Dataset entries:
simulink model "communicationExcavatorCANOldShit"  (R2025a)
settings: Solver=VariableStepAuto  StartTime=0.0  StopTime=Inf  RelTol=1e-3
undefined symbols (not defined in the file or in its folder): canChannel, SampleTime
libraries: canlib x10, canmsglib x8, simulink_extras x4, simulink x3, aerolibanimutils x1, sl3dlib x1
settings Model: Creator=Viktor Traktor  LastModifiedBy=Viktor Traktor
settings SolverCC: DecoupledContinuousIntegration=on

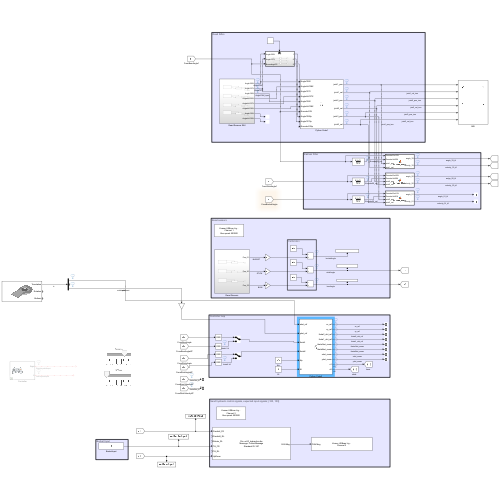
[thumbnail: Simulink's stored preview of the top-level diagram]
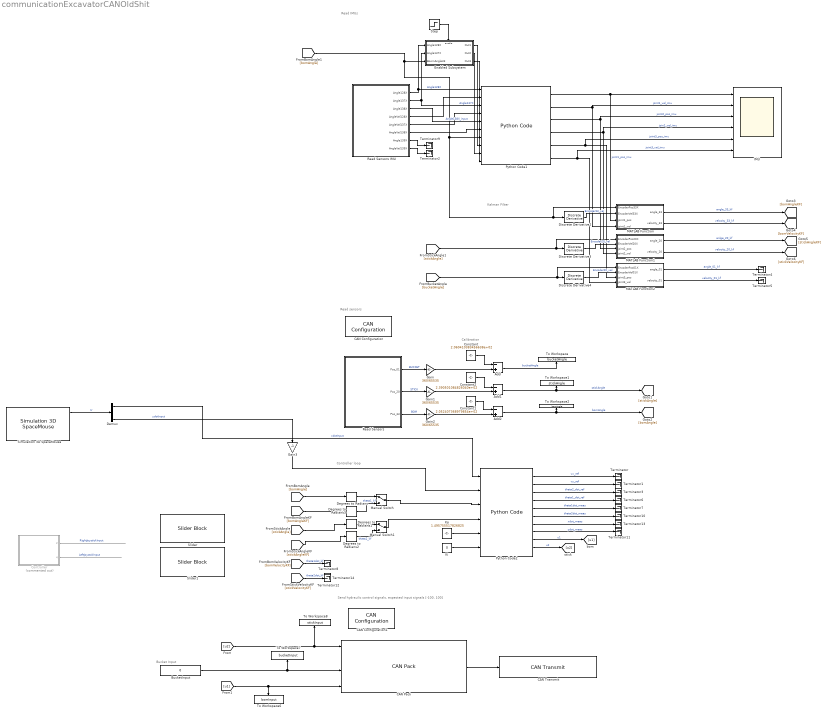
== system communicationExcavatorCANOldShit ==
  note: Controller loop
  note: Read sensors
  note: Send hydraulic control signals, expected input signals [-100, 100]
  note: Calibration
  note: Bucket Input
  note: Kalman Filter
  note: Read IMUs
  Add : Sum  Inputs=-+
  Add1 : Sum  Inputs=-+
  Add2 : Sum  Inputs=-+
  BucketInput : Constant  Value=0
  CAN Configuration : canlib/CAN Configuration  BlockHandle=6751.0004  Device=Kvaser USBcan Light 1 (Channel 1)  DeviceMenu=Kvaser USBcan Light 1 (Channel 1)  ObjConstructor=canChannel('Kvaser', 'USBcan Light 1', 1)  BusSpeed=500000  EnableBitParameters=off  SJW=1  TSEG1=4  TSEG2=3  NSamples=1  AckMode=Normal
  CAN Configuration1 : canlib/CAN Configuration  BlockHandle=6752.0004  Device=Kvaser USBcan Light 1 (Channel 2)  DeviceMenu=Kvaser USBcan Light 1 (Channel 2)  ObjConstructor=canChannel('Kvaser', 'USBcan Light 1', 2)  BusSpeed=500000  EnableBitParameters=off  SJW=1  TSEG1=4  TSEG2=3  NSamples=1  AckMode=Normal
  CAN Pack : canmsglib/CAN Pack  CANdbFile=C:\Users\Viktor Traktor\IQAN\ec20_hydraulics.dbc  MsgList=ControlMessage  MsgName=ControlMessage  MsgIDType=Standard (11-bit identifier)  MsgIdentifier=387  CANIDInput=off  MsgLength=6  Remote=off  ApplyMinMax=off  BusOutput=off  SignalInfo={'Parallell_FR','8','8','LE','signed','Standard','0','1','0','-Inf','Inf';'Parallelll_RL','0','8','LE','signed','Standard','0','1','0','-Inf','Inf';'Rotate_RL','40','8','LE','signed','Standard','0','1','0','-Inf','Inf';'Tilt_FR','24','8','LE','signed','Standard','0','1','0','-Inf','Inf';'Tilt_RL','32','8','LE','signed','Standard','0','1','0','-Inf','Inf';'UpDown','16','8','LE','signed','Standard','0','1','0','-Inf','Inf'}
      settings: LibrarySourceBlock=canlib/CAN Pack  DataFormat=CANdb specified signals
  CAN Transmit : canlib/CAN Transmit  BlockHandle=6761.0004  Device=Kvaser USBcan Light 1 (Channel 2)  DeviceMenu=Kvaser USBcan Light 1 (Channel 2)  ObjConstructor=canChannel('Kvaser', 'USBcan Light 1', 2)  EnableEventTransmit=off  EnablePeriodicTransmit=off  MessagePeriod=1.000
  Constant : Constant  Value=2.060410383456638e+02
  Constant1 : Constant  Value=2.052407368979854e+02
  Constant2 : Constant  Value=2.390501084826040e+02
  Controller : Subsystem  Commented=on
      mask Display: image('controller.png', [0,0,20,0,100,100]);
  Degrees to Radians{,1..3} (4 alike) : simulink_extras/Transformations/Degrees to Radians
  Demux : Demux  Outputs=3
  Discrete Derivative2 : simulink/Discrete/Discrete Derivative  gainval=1.0  ICPrevScaledInput=0.0  OutMin=[]  OutMax=[]  OutDataType=fixdt(1, 16)  OutScaling=2^-10  DoSatur=off
  Discrete Derivative3 : simulink/Discrete/Discrete Derivative  gainval=1.0  ICPrevScaledInput=0.0  OutMin=[]  OutMax=[]  OutDataType=fixdt(1, 16)  OutScaling=2^-10  DoSatur=off
  Discrete Derivative4 : simulink/Discrete/Discrete Derivative  gainval=1.0  ICPrevScaledInput=0.0  OutMin=[]  OutMax=[]  OutDataType=fixdt(1, 16)  OutScaling=2^-10  DoSatur=off
  Enabled Subsystem : Subsystem  TreatAsAtomicUnit=on
  Gain : Gain  Gain=360/65535
  Gain1 : Gain  Gain=360/65535
  Gain2 : Gain  Gain=360/65535
  Gain3 : Gain  Gain=-1
  IMU : Scope  NumInputPorts=6
      settings: ActiveDisplayYMinimum=240.03476604985391  ActiveDisplayYMaximum=241.62685406904103
  Ki : Constant  Value=0
  Kp : Constant  Value=1.495755517826825
  MATLAB Function : MATLAB Function  TreatAsAtomicUnit=on
  MATLAB Function1 : MATLAB Function  TreatAsAtomicUnit=on
  MATLAB Function2 : MATLAB Function  TreatAsAtomicUnit=on
  Manual Switch : ManualSwitch
  Manual Switch1 : ManualSwitch
  Python Code1 : PythonCode  OutputCode=|
      | # Computation
      | 
      | #print(Angle128X)
      | 
      | if Angle128X > 180:
      |     Angle128X = abs(Angle128X) - 360
      |     
      | if Angle137X < 20:
      |     Angle137X = abs(Angle137X)+360
      |     
      | if Angle138X > 270:
      |     Angle138X = abs(Angle138X) - 360
      |     
      | #print("///")
      | #print(Angle128X)
      | 
      | 
      | joint1_pos = Angle137X -270 + Angle128X - (Angle137Xp-270 + Angle128Xp - Encoder33Xp)
      | joint1_vel = -(AngleVel137X - AngleVel128X)
      | 
      | joint2_pos = 180 + (90 - joint1_pos) + Angle138X
      | joint2_vel = AngleVel138X - joint1_vel
      | 
      | joint3_pos = 0
      | joint3_vel = 0
  Python Code2 : PythonCode  OutputCode=|  SampleTime=SampleTime  max_joint_vel1=0.5  max_joint_vel2=0.5  SampleTime=0.01
      | import numpy as np
      | 
      | # Inputs:
      | #   xdot_ref, ydot_ref in [-1, 1]   (joystick commands, normalized)
      | #   theta1, theta2 [rad]            (joint angles)
      | #   max_joint_vel1, max_joint_vel2  [rad/s]
      | #
      | # Outputs:
      | #   u1, u2 in [-100, 100]           (valve commands)
      | 
      | 
      | # -------------------------------------------------------------------
      | # Constants
      | # -------------------------------------------------------------------
      | DT = 0.01  # time step [s]
      | 
      | VX_MAX = 0.5  # max Cartesian speed along x [m/s]
      | VY_MAX = 0.5  # max Cartesian speed along y [m/s]
      | 
      | AXIS_DEADZONE_NORM = 0.09   # joystick deadzone in normalized units [-1, 1]
      | 
      | M0 = 0.08      # shaping deadzone
      | P_SHAPE = 2.0  # shaping exponent
      | 
      | # Link lengths [m]
      | L1 = 1903.392e-3
      | L2 = 1351.485e-3
      | L3 = 590.267e-3  # not using the bucket angle here
      | 
      | # Joint-space PID gains
      | #Kp = .7
      | #Ki = 0.3
      | Kd = 0.0
      | 
      | # -------------------------------------------------------------------
      | # 1) Joystick -> Cartesian velocity reference (axis-locked)
      | # -------------------------------------------------------------------
      | 
      | # default (deadzone or no input)
      | vx_ref = 0.0
      | vy_ref = 0.0
      | 
      | if not (abs(xdot_ref) <= AXIS_DEADZONE_NORM and abs(ydot_ref) <= AXIS_DEADZONE_NORM):
      | 
      |     # Decide dominant axis: X-mode or Y-mode
      |     if abs(xdot_ref) > abs(ydot_ref):
      |         # X-mode
      |         vel_ref = xdot_ref
      |         v_max = VX_MAX
      | 
      |         if abs(vel_ref) > AXIS_DEADZONE_NORM:
      |             # sign
      |             sign = 1.0 if vel_ref >= 0.0 else -1.0
      |             # normalize magnitude into [0,1] after deadzone
      |             mag_norm = (abs(vel_ref) - AXIS_DEADZONE_NORM) / (1.0 - AXIS_DEADZONE_NORM)
      | 
      |             # shaping
      |             if mag_norm <= M0:
      |                 f = 0.0
      |             else:
      |                 r = (mag_norm - M0) / (1.0 - M0)
      |                 f = r ** P_SHAPE
      | 
      |             vx_ref = sign * v_max * f
      |             vy_ref = 0.0
      | 
      |     else:
      |         # Y-mode
      |         vel_ref = ydot_ref
      |         v_max = VY_MAX
      | 
      |         if abs(vel_ref) > AXIS_DEADZONE_NORM:
      |             sign = 1.0 if vel_ref >= 0.0 else -1.0
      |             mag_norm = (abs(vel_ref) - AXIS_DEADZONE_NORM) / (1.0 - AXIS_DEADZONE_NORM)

• _Exercise goal_
Could you filter the entries above for lines holding the string "normalized" and copy them?

• _Exercise response_
      | #   xdot_ref, ydot_ref in [-1, 1]   (joystick commands, normalized)
      | AXIS_DEADZONE_NORM = 0.09   # joystick deadzone in normalized units [-1, 1]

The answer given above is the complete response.